Policy advisor: Legislation won't end breaches

01.03.2006
As one of the five Commissioners on the Federal Trade Commission (FTC) between 1997 and 2005, Orson Swindle was involved in the launch of the agency's Do-Not-Call program and participated in policy deliberations about information security and privacy. He was also involved in efforts to revise the Organization for Economic Cooperation and Development's (OECD) Information Security Guidelines in 2002 and 2003.

Now the senior policy advisor and chair at the Center for Information Policy Leadership -- a privacy think tank whose members include Proctor and Gamble, Eli Lily & Co. and Microsoft Corp. -- Swindle talked with Computerworld about some of the privacy challenges facing corporate America.

What's driving the privacy agenda these days? In the past year, we've heard about some hundred-plus disclosed security breaches, about hacking, lost laptops, lost files, disclosures of account numbers and even computers falling off the back of delivery trucks. Each one of these represents a potential disclosure of very sensitive information. The reports we've read very likely exaggerated the nature of the harm done in some cases. But that's not to say we don't have a problem. We darn sure do have one. And this inadequate protection of sensitive data is just unacceptable. We have got to collectively do a much better job at it. And I say 'we' collectively because it's going to take everyone, including consumers. There's no security initiative, there's no new law, there's no new technology that's going to solve this problem altogether.
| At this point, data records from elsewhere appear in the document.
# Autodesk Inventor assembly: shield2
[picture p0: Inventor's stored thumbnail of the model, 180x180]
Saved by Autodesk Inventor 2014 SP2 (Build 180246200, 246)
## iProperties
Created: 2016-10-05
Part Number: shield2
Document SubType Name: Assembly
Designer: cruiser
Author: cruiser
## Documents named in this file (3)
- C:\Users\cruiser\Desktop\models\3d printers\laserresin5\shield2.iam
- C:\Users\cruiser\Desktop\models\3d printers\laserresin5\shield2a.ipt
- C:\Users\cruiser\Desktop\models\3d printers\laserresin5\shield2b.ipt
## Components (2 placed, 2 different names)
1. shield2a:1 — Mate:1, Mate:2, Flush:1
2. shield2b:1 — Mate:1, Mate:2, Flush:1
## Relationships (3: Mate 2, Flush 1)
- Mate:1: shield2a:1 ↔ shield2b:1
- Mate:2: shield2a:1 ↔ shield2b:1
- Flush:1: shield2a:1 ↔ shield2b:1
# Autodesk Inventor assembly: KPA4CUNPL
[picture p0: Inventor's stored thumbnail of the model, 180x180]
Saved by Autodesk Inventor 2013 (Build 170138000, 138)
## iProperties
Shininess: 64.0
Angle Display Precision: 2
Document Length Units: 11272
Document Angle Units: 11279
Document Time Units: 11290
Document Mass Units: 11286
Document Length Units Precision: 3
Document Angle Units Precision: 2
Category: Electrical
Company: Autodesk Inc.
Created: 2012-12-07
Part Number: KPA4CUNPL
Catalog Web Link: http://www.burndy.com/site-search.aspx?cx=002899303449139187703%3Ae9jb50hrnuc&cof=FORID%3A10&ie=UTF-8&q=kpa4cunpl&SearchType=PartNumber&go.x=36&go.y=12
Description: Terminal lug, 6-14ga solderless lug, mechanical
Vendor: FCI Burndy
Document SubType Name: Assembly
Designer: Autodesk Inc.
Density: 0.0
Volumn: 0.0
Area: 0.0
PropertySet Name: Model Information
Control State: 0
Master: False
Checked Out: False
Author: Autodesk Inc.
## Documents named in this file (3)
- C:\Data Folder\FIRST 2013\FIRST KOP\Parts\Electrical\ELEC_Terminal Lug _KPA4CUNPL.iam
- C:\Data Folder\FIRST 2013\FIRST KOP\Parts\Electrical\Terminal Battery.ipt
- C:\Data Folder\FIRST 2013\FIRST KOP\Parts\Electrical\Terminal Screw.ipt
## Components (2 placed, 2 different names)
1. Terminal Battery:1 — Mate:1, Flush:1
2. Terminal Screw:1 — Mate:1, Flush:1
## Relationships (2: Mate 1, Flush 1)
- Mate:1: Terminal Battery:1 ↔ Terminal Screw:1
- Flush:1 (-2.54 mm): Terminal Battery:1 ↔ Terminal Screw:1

What does this mean for businesses? The biggest concern for business is just being aware that if you handle information you've got an obligation to protect it. The Federal Trade Commission with a couple of decisions last year plainly stated that. Those two cases specifically involved BJ's Wholesale Club and DSW Inc. Both of the cases were bought against companies not for a promise not kept but for simply being in the business of collecting and using information that is sensitive and not taking sufficient precautions to protect that information. The important thing to note with these two cases is that BJ's Wholesale and DSW were not [regulated entities such as] medical institutions; they were not financial institutions. But what they encountered was a de facto extension of the Gramm-Leach-Bliley requirement under the unfair and deceptive practices aspect of the FTC Act Section 5. In other words, what the FTC said to those two firms is that your conduct in not protecting this information is unfair in that you didn't do what you ought to have done.

Do you see the FTC being more proactive in taking action against companies, even if no actual breach may have taken place? This, in effect, has already happened. There are a couple of cases on record. It would be impossible for me to say which ones they are. But there is at least one case where the FTC, again under Section 5, brought a case against a company -- not for a breach but for making a promise of having certain safeguards that really weren't there. They were making a promise of things they couldn't keep, because they didn't have the mechanisms in place to provide that kind of security.

ChoicePoint was fined US$15 million by the FTC recently. What sort of precedent does that set? That case is quite a bit different from BJ's Wholesale and DSW. In the ChoicePoint case, there were lots of things that were violated there -- in particular, the Fair Credit Reporting Act .That carries with it monetary penalties that can be substantial, and in this case, obviously were. If nothing else, it certainly should be getting people's attention. Talk about a two-by-four between the eyes getting your attention.